Described occludator to small part is positioned at described heart arched roof, so that described heart arched roof is inaccessible basically.

21. the method for claim 20, wherein said heart arched roof is a left auricle.

22. one kind is used to promote angiopoietic method in experimenter's heart, described method comprises:

The cell-matrix construction is attached to described experimenter's heart, and increasing the blood vessel quantity in the described heart, described cell-matrix construction comprises fibroblast and by the excretory naturally ctgf protein of described fibroblast.

23. the method for claim 22 wherein adheres to described heart by the cell of nature is attached with described cell-matrix construction.

24. the method for claim 22 wherein is attached to described heart by attachment means with described cell-matrix construction.

25. the method for claim 24, wherein said attachment means are stitching, biogum, rubber polymer, laser dye or hydrogel.

26. the method for claim 25, wherein said biogum is a Fibrin Glue.

27. the method for claim 22, wherein said cell-matrix construction is attached to the visceral pericardium of the described heart.

28. the method for claim 22, wherein said cell-matrix construction is attached to the myocardium of the described heart.

29. the method for claim 22, wherein said cell-matrix construction is attached to the endocardium of the described heart.

30. a method that promotes the mammalian tissues vascularization in vivo, described method comprises:

The cell-matrix construction is attached to described mammalian tissues, and increasing the blood vessel quantity in the described mammalian tissues, described cell-matrix construction comprises fibroblast and by the excretory naturally endogenous extracellular matrix components of described fibroblast.
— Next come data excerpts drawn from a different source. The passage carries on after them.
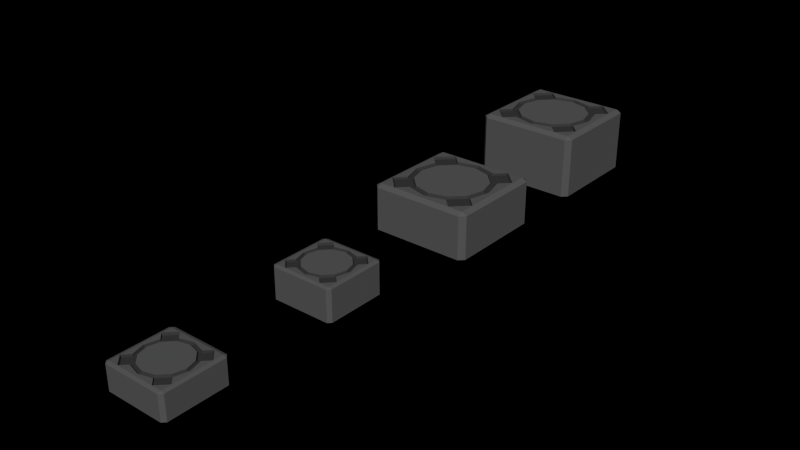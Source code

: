 # Source: DR.blend  (saved by Blender 2.74.0; exported with 4.5.12 LTS)
import bpy
from mathutils import Matrix  # noqa: F401  (used for matrix-valued properties, if any)

bpy.ops.wm.read_factory_settings(use_empty=True)
scene = bpy.context.scene
scene.name = 'Scene'

# ---- collections
col_collection_1 = bpy.data.collections.new('Collection 1'); scene.collection.children.link(col_collection_1)

# ---- materials (node trees are filled in below, after node groups)
mat_ferrite = bpy.data.materials.new('Ferrite')
mat_ferrite.alpha_threshold = 0.0
mat_ferrite.use_transparent_shadow = False
mat_ferrite.diffuse_color = (0.1, 0.1, 0.1, 1.0)
mat_ferrite.roughness = 0.5
mat_ferrite.specular_intensity = 1.0
mat_epoxy = bpy.data.materials.new('Epoxy')
mat_epoxy.alpha_threshold = 0.0
mat_epoxy.use_transparent_shadow = False
mat_epoxy.diffuse_color = (0.04166, 0.04166, 0.04166, 1.0)
mat_epoxy.roughness = 0.5
mat_tin_plated = bpy.data.materials.new('Tin plated')
mat_tin_plated.alpha_threshold = 0.0
mat_tin_plated.use_transparent_shadow = False
mat_tin_plated.roughness = 0.5
mat_tin_plated.specular_intensity = 1.0

# ---- material node trees

# ---- world
world_world = bpy.data.worlds.new('World'); scene.world = world_world
world_world.color = (0.0, 0.0, 0.0)
world_world.use_sun_shadow = False
world_world.sun_shadow_jitter_overblur = 0.0
world_world.cycles.sampling_method = 'MANUAL'
world_world.cycles.sample_map_resolution = 256

# ---- meshes
me_010 = bpy.data.meshes.new('Куб.010')
me_010.from_pydata([(-5.472, -6.08, 0.55), (-6.08, -5.472, 0.55), (-6.08, 5.472, 0.55), (-5.472, 6.08, 0.55), (5.472, 6.08, 0.55), (6.08, 5.472, 0.55), (6.08, -5.472, 0.55), (5.472, -6.08, 0.55), (5.472, -6.08, 7.65), (-5.472, -6.08, 7.65), (-6.08, -5.472, 7.65), (-6.08, 5.472, 7.65), (-5.472, 6.08, 7.65), (5.472, 6.08, 7.65), (6.08, 5.472, 7.65), (6.08, -5.472, 7.65), (5.472, -5.472, 8.0), (-5.472, -5.472, 8.0), (-5.472, 5.472, 8.0), (5.472, 5.472, 8.0), (-2.475, -4.287, 8.0), (-3.642, -5.454, 8.0), (-5.454, -3.642, 8.0), (-4.287, -2.475, 8.0), (-4.95, -2.301e-06, 8.0), (-4.287, 2.475, 8.0), (-5.454, 3.642, 8.0), (5.454, -3.642, 8.0), (3.642, -5.454, 8.0), (2.475, -4.287, 8.0), (7.474e-07, -4.95, 8.0), (-3.642, 5.454, 8.0), (-2.475, 4.287, 8.0), (0.0, 4.95, 8.0), (2.475, 4.287, 8.0), (3.642, 5.454, 8.0), (5.454, 3.642, 8.0), (4.287, 2.475, 8.0), (4.95, -2.164e-07, 8.0), (4.287, -2.475, 8.0), (-2.475, -4.287, 8.0), (-3.642, -5.454, 8.0), (-5.454, -3.642, 8.0), (-4.287, -2.475, 8.0), (-4.95, -2.301e-06, 8.0), (-4.287, 2.475, 8.0), (-5.454, 3.642, 8.0), (5.454, -3.642, 8.0), (3.642, -5.454, 8.0), (2.475, -4.287, 8.0), (7.474e-07, -4.95, 8.0), (-3.642, 5.454, 8.0), (-2.475, 4.287, 8.0), (0.0, 4.95, 8.0), (2.475, 4.287, 8.0), (3.642, 5.454, 8.0), (5.454, 3.642, 8.0), (4.287, 2.475, 8.0), (4.95, -2.164e-07, 8.0), (4.287, -2.475, 8.0), (-3.625, 2.093, 8.0), (-4.186, -1.946e-06, 8.0), (-3.625, -2.093, 8.0), (-2.093, -3.625, 8.0), (6.321e-07, -4.186, 8.0), (2.093, -3.625, 8.0), (3.625, -2.093, 8.0), (4.186, -1.83e-07, 8.0), (3.625, 2.093, 8.0), (2.093, 3.625, 8.0), (0.0, 4.186, 8.0), (-2.093, 3.625, 8.0)], [], [(0, 1, 2, 3, 4, 5, 6, 7), (8, 9, 0, 7), (0, 9, 10, 1), (10, 11, 2, 1), (12, 3, 2, 11), (12, 13, 4, 3), (14, 5, 4, 13), (14, 15, 6, 5), (8, 7, 6, 15), (16, 17, 9, 8), (10, 9, 17), (17, 18, 11, 10), (11, 18, 12), (18, 19, 13, 12), (13, 19, 14), (19, 16, 15, 14), (15, 16, 8), (20, 21, 22, 23, 24, 25, 26, 18, 17, 16, 27, 28, 29, 30), (27, 16, 19, 18, 26, 31, 32, 33, 34, 35, 36, 37, 38, 39), (31, 26, 46, 51), (22, 21, 41, 42), (33, 32, 52, 53), (24, 23, 43, 44), (35, 34, 54, 55), (37, 36, 56, 57), (26, 25, 45, 46), (39, 38, 58, 59), (29, 28, 48, 49), (20, 30, 50, 40), (21, 20, 40, 41), (32, 31, 51, 52), (23, 22, 42, 43), (36, 35, 55, 56), (25, 24, 44, 45), (38, 37, 57, 58), (28, 27, 47, 48), (27, 39, 59, 47), (30, 29, 49, 50), (34, 33, 53, 54), (60, 61, 62, 63, 64, 65, 66, 67, 68, 69, 70, 71)])
me_010.materials.append(mat_ferrite)
me_010.use_remesh_preserve_volume = False
me_010.use_remesh_preserve_attributes = False
me_010.use_mirror_vertex_groups = False
me_010.update()
me_001 = bpy.data.meshes.new('Куб.001')
me_001.from_pydata([(-2.475, -4.287, 8.0), (-3.642, -5.454, 8.0), (-5.454, -3.642, 8.0), (-4.287, -2.475, 8.0), (-4.95, -2.301e-06, 8.0), (-4.287, 2.475, 8.0), (-5.454, 3.642, 8.0), (5.454, -3.642, 8.0), (3.642, -5.454, 8.0), (2.475, -4.287, 8.0), (7.474e-07, -4.95, 8.0), (-3.642, 5.454, 8.0), (-2.475, 4.287, 8.0), (0.0, 4.95, 8.0), (2.475, 4.287, 8.0), (3.642, 5.454, 8.0), (5.454, 3.642, 8.0), (4.287, 2.475, 8.0), (4.95, -2.164e-07, 8.0), (4.287, -2.475, 8.0), (-3.625, 2.093, 8.0), (-4.186, -1.946e-06, 8.0), (-3.625, -2.093, 8.0), (-2.093, -3.625, 8.0), (6.321e-07, -4.186, 8.0), (2.093, -3.625, 8.0), (3.625, -2.093, 8.0), (4.186, -1.83e-07, 8.0), (3.625, 2.093, 8.0), (2.093, 3.625, 8.0), (0.0, 4.186, 8.0), (-2.093, 3.625, 8.0), (0.0, 4.8, 7.75), (2.4, 4.157, 7.75), (3.531, 5.288, 7.75), (-2.4, 4.157, 7.75), (-4.157, 2.4, 7.75), (-4.8, -2.232e-06, 7.75), (-4.37, -2.032e-06, 7.75), (-3.785, 2.185, 7.75), (-2.185, 3.785, 7.75), (0.0, 4.37, 7.75), (2.185, 3.785, 7.75), (3.785, 2.185, 7.75), (4.37, -1.91e-07, 7.75), (4.8, -2.098e-07, 7.75), (4.157, 2.4, 7.75), (5.288, 3.531, 7.75), (3.785, -2.185, 7.75), (2.185, -3.785, 7.75), (6.599e-07, -4.37, 7.75), (-2.185, -3.785, 7.75), (-3.785, -2.185, 7.75), (-4.157, -2.4, 7.75), (-2.4, -4.157, 7.75), (7.248e-07, -4.8, 7.75), (2.4, -4.157, 7.75), (4.157, -2.4, 7.75), (-3.531, 5.288, 7.75), (-5.288, 3.531, 7.75), (3.531, -5.288, 7.75), (5.288, -3.531, 7.75), (-5.288, -3.531, 7.75), (-3.531, -5.288, 7.75)], [], [(14, 13, 32, 33), (15, 14, 33, 34), (32, 35, 36, 37, 38, 39, 40, 41, 42, 43, 44, 45, 46, 33), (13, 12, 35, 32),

31. the method for claim 30, wherein said mammalian tissues are heart tissue, skeletal muscle, smooth muscle, connective tissue or skin histology.

32. the method for claim 30 wherein adheres to described mammalian tissues by the cell of nature is attached with described cell-matrix construction.

33. the method for claim 32 wherein is attached to described mammalian tissues by attachment means with described cell-matrix construction.

34. the method for claim 33, wherein said attachment means are stitching, biogum, rubber polymer, laser dye or hydrogel.

35. a method that promotes the healing of experimenter's anastomotic position, described method comprises:

The cell-matrix construction is attached to described position, with the growth that promotes endotheliocyte with increase blood vessel quantity in the described position, wherein said cell-matrix construction comprises fibroblast and by the excretory naturally endogenous extracellular matrix components of described fibroblast.

36. the method for claim 35 wherein adheres to described position by the cell of nature is attached with described cell-matrix construction.

37. the method for claim 35 wherein by any means in stitching, biogum, rubber polymer, laser dye or the hydrogel, is attached to described position with described cell-matrix construction.